# Nordyne Furnace Supply Wiring



## Dennis Alwon (May 9, 2009)

You can not hook up the 5 kw strip as long as the controls are not part of that circuit. Normally these units get a 90 amp ocpd or a dp 60 and a dp30 if they are designed for 2 circuits. 

My guess is that the 5 kw strip can be bypassed but look at the internal wiring first and make sure


----------



## A Little Short (Nov 11, 2010)

Dennis Alwon said:


> You can not hook up the 5 kw strip as long as the controls are not part of that circuit. Normally these units get a 90 amp ocpd or a dp 60 and a dp30 if they are designed for 2 circuits.
> 
> My guess is that the 5 kw strip can be bypassed but look at the internal wiring first and make sure


I'm not an HVAC guy but it looks like maybe there is a couple of wires that interconnect between the two contactors. I'm not really going to do any of the wiring in the furnace other than the supply circuits, but I wanted to know if I could eliminate the 5KW portion, only running 1 60A circuit.
They are tight on spaces left in the panel and having to run just one (not the 90A) would help with that.


----------



## A Little Short (Nov 11, 2010)

*HVAC Guys*



Little-Lectric said:


> I have been asked to hook up a service to a Mobile Home. Also a few branch circuits. One of which is an electric Nordyne furnace. The furnace is inside the home and they will have a A/C outside.
> The furnace is a 15.4KW including the blowers, 15KW for the heating elements. This is a used furnace they put in to replace a gas furnace.
> 
> The nameplate and cut sheet says it can be wired as dual service or single service. The unit has (2) 60A breakers in it and are only for short circuit protection and not to protect the service conductors. There are 3 heating elements. I believe one of the breakers is for two of the elements @ 10KW. That would be fed from a 60A breaker in the panel.
> ...


Any HVAC guys want to chime in on this?


----------



## dronai (Apr 11, 2011)

What if you disconnect the load wiring on the 5kw contactor ? Leave the control wiring alone.


----------



## A Little Short (Nov 11, 2010)

dronai said:


> What if you disconnect the load wiring on the 5kw contactor ? Leave the control wiring alone.

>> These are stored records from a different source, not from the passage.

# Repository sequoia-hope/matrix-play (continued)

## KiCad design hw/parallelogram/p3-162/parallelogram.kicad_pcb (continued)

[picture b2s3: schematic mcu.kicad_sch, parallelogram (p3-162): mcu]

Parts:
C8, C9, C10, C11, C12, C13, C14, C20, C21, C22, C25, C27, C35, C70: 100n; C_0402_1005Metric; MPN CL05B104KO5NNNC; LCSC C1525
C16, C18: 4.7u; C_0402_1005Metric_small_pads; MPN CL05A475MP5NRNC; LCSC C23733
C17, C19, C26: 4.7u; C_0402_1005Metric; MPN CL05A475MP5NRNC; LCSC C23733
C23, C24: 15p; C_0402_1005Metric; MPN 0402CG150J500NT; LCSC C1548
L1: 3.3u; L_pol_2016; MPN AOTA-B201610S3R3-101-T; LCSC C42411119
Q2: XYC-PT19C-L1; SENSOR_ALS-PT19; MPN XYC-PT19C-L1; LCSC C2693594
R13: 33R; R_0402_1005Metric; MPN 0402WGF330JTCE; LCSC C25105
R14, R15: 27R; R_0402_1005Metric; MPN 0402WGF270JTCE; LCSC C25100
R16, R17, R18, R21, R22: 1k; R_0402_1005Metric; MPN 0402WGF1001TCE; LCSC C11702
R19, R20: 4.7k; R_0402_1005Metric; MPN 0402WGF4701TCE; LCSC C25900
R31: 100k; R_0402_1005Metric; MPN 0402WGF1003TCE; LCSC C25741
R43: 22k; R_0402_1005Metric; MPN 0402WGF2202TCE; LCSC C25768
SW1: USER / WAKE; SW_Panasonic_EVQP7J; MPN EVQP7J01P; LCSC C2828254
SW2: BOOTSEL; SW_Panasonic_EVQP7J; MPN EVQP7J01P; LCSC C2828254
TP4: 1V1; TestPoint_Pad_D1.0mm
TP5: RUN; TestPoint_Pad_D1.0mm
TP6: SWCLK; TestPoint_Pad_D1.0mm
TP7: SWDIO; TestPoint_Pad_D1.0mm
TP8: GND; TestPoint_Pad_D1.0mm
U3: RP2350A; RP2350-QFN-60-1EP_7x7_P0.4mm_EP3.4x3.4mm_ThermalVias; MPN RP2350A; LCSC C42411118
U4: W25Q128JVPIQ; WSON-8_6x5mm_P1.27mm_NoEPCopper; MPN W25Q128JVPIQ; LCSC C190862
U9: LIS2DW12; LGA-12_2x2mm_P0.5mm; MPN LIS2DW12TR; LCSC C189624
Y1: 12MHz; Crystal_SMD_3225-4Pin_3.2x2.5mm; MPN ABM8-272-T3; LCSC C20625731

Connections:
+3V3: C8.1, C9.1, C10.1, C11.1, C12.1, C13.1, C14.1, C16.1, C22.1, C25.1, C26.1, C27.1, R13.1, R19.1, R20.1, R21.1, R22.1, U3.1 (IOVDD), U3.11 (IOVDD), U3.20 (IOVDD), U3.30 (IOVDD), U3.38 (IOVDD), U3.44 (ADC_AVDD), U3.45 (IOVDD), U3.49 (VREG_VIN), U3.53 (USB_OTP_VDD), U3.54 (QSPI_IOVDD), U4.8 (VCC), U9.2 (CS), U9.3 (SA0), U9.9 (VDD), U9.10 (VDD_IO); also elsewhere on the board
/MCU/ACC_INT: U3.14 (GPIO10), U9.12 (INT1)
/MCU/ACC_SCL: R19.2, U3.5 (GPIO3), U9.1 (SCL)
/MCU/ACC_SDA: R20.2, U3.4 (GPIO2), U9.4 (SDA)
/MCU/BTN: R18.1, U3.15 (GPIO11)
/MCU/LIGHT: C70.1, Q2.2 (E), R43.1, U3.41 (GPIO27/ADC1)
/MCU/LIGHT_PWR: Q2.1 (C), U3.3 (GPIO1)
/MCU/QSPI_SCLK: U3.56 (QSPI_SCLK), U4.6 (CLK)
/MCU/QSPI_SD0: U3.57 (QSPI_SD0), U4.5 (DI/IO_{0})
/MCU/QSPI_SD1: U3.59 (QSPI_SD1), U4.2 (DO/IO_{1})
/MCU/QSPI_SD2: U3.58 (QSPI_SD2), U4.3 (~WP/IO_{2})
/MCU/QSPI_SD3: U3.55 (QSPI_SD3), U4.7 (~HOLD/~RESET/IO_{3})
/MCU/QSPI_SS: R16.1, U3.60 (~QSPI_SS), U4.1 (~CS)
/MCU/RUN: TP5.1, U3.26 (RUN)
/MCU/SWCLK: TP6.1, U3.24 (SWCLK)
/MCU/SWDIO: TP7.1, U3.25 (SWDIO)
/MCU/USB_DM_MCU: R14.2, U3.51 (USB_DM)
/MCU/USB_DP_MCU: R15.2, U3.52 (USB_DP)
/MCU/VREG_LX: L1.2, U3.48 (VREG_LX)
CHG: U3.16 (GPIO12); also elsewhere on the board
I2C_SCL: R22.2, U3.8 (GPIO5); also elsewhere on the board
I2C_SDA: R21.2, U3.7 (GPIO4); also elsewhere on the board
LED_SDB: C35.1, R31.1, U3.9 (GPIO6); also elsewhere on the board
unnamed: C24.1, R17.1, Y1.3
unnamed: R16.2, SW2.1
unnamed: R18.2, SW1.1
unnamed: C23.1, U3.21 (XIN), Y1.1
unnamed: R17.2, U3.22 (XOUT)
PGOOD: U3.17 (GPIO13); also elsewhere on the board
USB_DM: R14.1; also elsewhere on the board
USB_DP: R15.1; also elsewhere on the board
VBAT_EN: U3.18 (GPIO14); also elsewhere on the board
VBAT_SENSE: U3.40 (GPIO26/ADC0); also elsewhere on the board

That's what I said I would like to do. I said I wasn't doing anything in the unit other than connecting the supply.


----------



## sstlouis03 (Jun 23, 2011)

You will need to change the blower speed from med-low to low if you are only going to be running 10KW. Looking at the prints provided, you will just not hook up anything to the other 30A breaker, it is soley for the other 5KW element, nothing else. Just move the correct blower speed wire to the heating pin on the board, should be the red wire. the yellow wire from the blower should be connected now, as is. :thumbsup:


----------



## Roadhouse (Oct 16, 2010)




----------



## Roadhouse (Oct 16, 2010)

and the reason that jumping from the main supply to the heat kit is that the elements come on one at a time through heat sequencers. You'll be fine, just make sure you use wire rated to handle the load of both the blower and the heat kit.

Done deal.


----------



## A Little Short (Nov 11, 2010)

Roadhouse said:


>


Picture is kind of dark and can't tell for sure but it looks like the 60A supply conductors would come in to L1-L2. Then jumper L1-L3 and L2-L4.
Is that right? What does the white wire go to/come from?


----------



## sstlouis03 (Jun 23, 2011)

The white wire in his picture is his feeder, its just not phase taped.


----------



## dronai (Apr 11, 2011)

Look on the schematics on your link. If you copy the right drawing, and post it here, we can follow it, and figure this out.


----------



## sstlouis03 (Jun 23, 2011)

Its not that complicated, all you have to do is what I stated earlier.


----------



## A Little Short (Nov 11, 2010)

sstlouis03 said:


> You will need to change the blower speed from med-low to low if you are only going to be running 10KW. Looking at the prints provided, you will just not hook up anything to the other 30A breaker, it is soley for the other 5KW element, nothing else. Just move the correct blower speed wire to the heating pin on the board, should be the red wire. the yellow wire from the blower should be connected now, as is. :thumbsup:


*The pin out (page 20) shows the red as low and the yellow is med-low. If you leave the yellow where it is, it would still be med-low. What am I missing?*



sstlouis03 said:


> The white wire in his picture is his feeder, its just not phase taped.


*
I was looking for the supply conductors to come from the right in the pic. I think I can barely see another black wire landing there. But neither wire looks like a #6 which is what size they should be.
If nothing should be connected to L2-L3, why is it jumped? Wouldn't that still make the 5KW heater come on?*



sstlouis03 said:


> Its not that complicated, all you have to do is what I stated earlier.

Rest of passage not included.